Ob eine beachtliche Verfolgungswahrscheinlichkeit im Falle der Aktivität für regimekritische Gruppen und Vereine sowie exilpolitisches Engagement vorliegt, ist nach den konkret-individuellen Gesamtumständen des Einzelfalles zu beurteilen. Ab welcher Intensität der politischen Aktivitäten es zu Verfolgungshandlungen kommt, lässt sich dabei nicht allgemeingültig beantworten. Nach den neuen Erkenntnissen des Auswärtigen Amtes ist nicht auszuschließen, dass bereits die passive Mitgliedschaft oder die vereinzelte Teilnahme an Demonstrationen genügt, um eine Person in den Augen der iranischen Behörden als Regimekritiker erscheinen zu lassen. Es erscheint damit bereits möglich, dass die iranischen Behörden - soweit ihnen dies bekannt wird - jede Person, die an Veranstaltungen der iranischen (Exil-)Opposition teilnimmt, als möglichen Regimekritiker ansehen und verfolgen. Bei einfachen Mitgliedern und untergeordneten Tätigkeiten für (exil-)oppositionelle Gruppen muss für die Begründung einer beachtlichen Verfolgungswahrscheinlichkeit allerdings hinzutreten, dass diese Mitglieder oder Personen erkennbar und identifizierbar derart in die Öffentlichkeit getreten sind, dass sie mit beachtlicher Wahrscheinlichkeit von den iranischen Behörden und Sicherheitskräften erkannt und identifiziert worden sind (vgl. noch zur früheren Erkenntnislage: OVG Bautzen, Urteil vom 12. Oktober 2021 – 2 A 88.20.A – juris Rn. 30 m.w.N.). [...]

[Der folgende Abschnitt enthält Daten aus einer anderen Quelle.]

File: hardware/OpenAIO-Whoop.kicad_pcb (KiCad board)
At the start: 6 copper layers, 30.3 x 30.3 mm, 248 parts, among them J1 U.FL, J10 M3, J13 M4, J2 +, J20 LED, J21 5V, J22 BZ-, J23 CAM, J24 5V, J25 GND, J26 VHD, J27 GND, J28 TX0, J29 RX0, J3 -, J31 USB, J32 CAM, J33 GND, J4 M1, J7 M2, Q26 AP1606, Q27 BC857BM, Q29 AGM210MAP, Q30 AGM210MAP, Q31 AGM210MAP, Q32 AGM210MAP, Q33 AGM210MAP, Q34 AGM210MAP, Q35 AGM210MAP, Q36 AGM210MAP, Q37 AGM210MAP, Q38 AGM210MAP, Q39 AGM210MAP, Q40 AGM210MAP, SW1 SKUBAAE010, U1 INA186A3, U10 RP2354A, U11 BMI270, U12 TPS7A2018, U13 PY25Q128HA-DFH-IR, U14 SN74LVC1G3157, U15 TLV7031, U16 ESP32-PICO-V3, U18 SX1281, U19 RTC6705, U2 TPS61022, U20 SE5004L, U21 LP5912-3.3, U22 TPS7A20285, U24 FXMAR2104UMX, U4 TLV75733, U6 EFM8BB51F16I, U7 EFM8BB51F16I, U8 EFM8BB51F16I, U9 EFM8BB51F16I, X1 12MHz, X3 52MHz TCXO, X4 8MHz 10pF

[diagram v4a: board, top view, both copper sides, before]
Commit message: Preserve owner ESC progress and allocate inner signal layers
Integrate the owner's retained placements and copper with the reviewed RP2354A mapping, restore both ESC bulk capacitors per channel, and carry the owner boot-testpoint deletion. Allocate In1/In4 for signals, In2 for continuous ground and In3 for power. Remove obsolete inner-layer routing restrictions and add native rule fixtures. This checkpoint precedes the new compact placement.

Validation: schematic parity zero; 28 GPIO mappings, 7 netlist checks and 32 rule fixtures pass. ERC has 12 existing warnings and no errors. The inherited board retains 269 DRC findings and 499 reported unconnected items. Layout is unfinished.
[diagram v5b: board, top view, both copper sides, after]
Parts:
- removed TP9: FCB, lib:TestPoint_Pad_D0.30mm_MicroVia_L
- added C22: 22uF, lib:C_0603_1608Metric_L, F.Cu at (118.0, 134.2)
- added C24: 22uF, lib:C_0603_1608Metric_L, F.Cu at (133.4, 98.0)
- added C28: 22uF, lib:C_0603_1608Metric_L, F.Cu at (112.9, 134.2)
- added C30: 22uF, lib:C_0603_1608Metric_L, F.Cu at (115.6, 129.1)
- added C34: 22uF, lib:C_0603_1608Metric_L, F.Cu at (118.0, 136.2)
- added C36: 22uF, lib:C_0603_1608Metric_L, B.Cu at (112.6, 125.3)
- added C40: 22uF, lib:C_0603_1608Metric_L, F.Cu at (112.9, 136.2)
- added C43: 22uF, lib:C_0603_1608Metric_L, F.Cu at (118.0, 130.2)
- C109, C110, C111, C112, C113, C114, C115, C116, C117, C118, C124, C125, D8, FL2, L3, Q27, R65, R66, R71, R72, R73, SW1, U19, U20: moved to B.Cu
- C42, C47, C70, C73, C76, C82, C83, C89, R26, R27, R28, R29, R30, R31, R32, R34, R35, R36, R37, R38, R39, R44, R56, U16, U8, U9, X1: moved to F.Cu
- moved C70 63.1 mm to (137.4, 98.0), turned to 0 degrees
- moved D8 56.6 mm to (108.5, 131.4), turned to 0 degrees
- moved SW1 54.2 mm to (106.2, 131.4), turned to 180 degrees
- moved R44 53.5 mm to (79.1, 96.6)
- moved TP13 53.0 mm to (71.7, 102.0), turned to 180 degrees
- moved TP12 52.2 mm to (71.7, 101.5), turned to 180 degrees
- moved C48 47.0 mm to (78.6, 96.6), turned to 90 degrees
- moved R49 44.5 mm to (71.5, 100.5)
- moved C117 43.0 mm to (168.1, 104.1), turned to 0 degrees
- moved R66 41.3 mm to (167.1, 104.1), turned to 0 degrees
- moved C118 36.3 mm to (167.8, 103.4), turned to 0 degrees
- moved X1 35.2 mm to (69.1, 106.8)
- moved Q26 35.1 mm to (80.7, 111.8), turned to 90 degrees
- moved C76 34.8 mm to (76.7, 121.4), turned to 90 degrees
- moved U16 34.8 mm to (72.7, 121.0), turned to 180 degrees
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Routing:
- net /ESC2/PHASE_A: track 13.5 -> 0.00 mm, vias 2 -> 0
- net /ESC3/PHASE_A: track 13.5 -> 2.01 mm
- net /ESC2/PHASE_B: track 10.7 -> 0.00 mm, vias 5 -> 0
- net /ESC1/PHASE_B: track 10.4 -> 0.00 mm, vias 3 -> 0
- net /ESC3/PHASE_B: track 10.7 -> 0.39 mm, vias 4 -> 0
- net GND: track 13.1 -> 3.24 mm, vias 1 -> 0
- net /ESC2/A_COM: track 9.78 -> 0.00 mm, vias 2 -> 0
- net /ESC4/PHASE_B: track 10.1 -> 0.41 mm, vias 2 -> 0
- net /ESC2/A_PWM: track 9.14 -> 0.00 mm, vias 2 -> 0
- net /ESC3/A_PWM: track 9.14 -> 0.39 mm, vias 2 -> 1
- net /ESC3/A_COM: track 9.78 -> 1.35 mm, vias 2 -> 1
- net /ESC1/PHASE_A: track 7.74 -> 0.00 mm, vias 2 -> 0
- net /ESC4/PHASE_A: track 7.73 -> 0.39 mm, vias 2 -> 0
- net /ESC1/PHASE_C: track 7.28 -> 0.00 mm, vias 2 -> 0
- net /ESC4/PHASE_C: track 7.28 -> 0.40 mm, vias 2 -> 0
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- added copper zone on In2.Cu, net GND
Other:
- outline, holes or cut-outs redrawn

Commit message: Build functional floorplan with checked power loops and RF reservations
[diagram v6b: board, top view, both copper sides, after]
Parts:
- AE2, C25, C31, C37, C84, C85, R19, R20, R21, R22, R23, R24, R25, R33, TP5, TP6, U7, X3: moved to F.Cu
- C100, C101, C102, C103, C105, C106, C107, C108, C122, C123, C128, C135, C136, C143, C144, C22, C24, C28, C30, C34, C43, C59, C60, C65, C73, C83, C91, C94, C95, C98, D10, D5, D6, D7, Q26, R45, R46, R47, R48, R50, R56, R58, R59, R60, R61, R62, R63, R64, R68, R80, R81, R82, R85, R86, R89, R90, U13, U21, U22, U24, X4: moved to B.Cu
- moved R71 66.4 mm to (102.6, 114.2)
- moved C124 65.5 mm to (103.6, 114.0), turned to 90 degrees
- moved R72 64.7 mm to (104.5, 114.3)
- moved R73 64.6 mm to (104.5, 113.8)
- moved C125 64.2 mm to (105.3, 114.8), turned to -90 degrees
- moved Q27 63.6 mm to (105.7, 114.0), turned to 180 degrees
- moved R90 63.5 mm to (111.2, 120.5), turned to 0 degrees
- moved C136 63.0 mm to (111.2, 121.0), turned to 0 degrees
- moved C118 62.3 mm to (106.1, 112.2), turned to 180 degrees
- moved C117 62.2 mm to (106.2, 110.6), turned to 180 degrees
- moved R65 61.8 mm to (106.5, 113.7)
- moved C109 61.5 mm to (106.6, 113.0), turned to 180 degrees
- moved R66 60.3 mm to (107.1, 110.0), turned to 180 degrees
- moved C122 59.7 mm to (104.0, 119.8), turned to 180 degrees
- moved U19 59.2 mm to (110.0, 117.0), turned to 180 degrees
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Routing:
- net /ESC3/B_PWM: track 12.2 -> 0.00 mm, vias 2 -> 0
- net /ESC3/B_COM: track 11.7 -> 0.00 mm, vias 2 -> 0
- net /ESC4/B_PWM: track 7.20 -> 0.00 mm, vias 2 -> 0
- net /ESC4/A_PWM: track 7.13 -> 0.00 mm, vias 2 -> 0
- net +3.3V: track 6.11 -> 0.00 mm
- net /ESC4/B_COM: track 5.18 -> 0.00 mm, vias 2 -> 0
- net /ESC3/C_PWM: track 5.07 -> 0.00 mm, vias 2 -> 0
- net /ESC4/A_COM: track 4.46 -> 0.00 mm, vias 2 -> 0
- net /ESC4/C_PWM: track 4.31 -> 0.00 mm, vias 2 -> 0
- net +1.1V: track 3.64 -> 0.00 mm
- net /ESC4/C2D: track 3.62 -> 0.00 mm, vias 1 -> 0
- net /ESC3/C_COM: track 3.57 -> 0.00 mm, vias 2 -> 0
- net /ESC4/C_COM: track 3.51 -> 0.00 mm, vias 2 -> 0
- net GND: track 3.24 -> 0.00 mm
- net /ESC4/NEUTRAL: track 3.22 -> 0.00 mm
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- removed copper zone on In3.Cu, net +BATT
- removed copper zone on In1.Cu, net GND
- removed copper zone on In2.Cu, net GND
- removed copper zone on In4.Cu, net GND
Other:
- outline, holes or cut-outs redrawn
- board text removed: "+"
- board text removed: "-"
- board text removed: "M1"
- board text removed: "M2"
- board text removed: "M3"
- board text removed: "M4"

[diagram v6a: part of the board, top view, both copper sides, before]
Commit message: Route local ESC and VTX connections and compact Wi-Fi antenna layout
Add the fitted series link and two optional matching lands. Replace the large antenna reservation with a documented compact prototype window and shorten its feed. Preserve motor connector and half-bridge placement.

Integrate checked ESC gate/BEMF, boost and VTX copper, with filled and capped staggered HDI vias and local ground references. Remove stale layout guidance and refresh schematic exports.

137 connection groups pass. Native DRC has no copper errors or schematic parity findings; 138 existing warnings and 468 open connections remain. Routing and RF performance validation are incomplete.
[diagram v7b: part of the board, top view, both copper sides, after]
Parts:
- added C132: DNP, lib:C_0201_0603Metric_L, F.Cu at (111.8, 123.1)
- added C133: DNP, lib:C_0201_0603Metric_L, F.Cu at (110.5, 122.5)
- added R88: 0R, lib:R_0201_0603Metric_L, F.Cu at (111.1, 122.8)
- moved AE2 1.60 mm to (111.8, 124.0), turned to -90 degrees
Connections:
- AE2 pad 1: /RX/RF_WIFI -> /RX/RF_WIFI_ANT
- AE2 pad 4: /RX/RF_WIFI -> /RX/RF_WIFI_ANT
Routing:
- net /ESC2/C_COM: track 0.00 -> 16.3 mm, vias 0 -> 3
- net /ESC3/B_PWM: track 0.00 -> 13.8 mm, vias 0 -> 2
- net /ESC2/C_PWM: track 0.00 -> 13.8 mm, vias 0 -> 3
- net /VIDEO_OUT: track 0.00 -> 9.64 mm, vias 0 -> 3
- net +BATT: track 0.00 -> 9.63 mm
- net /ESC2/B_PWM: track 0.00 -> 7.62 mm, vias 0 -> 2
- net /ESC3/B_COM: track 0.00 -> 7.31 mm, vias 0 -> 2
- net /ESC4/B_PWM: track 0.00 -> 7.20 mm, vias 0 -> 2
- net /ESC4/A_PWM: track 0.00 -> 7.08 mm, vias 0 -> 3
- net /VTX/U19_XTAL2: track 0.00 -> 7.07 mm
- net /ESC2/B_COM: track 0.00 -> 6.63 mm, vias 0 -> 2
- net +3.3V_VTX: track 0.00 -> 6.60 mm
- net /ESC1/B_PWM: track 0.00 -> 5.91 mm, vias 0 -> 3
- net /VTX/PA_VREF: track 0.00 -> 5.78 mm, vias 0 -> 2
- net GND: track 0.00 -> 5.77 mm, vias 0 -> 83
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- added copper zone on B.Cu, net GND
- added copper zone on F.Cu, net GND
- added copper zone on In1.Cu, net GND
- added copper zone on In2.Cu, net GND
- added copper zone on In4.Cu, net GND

Jedenfalls vor dem Hintergrund der geänderten Auskunftslage im Hinblick auf exilpolitische Aktivitäten von Iranern im Ausland ist eine Änderung der Sachlage im Sinne des § 51 Abs. 1 Nr. 1 VwVfG anzunehmen, weil der Kläger substantiiert und glaubhaft dargelegt hat, in den letzten Jahren exilpolitisch aktiv gewesen zu sein. Da das Auswärtige Amt seit seinem Asylbericht Stand Februar 2020 von einer Bedrohung von zurückkehrenden Iranern ausgeht, die sich im Ausland regimekritisch äußerten, kann der Kläger sich auf die Möglichkeit einer für ihn günstigeren Entscheidung berufen. Denn das Auswärtige Amt geht inzwischen – anders als noch zum Zeitpunkt der Entscheidung über den Erstantrag des Klägers – davon aus, dass Iraner, die sich im Ausland öffentlich regimekritisch äußern, von Repressionen bedroht sind und kann nicht ausschließen, dass auch Personen, die keine hohe Sichtbarkeit als Aktivist haben, bei einer Rückkehr für ihre politischen Aktivitäten verhaftet werden. [...]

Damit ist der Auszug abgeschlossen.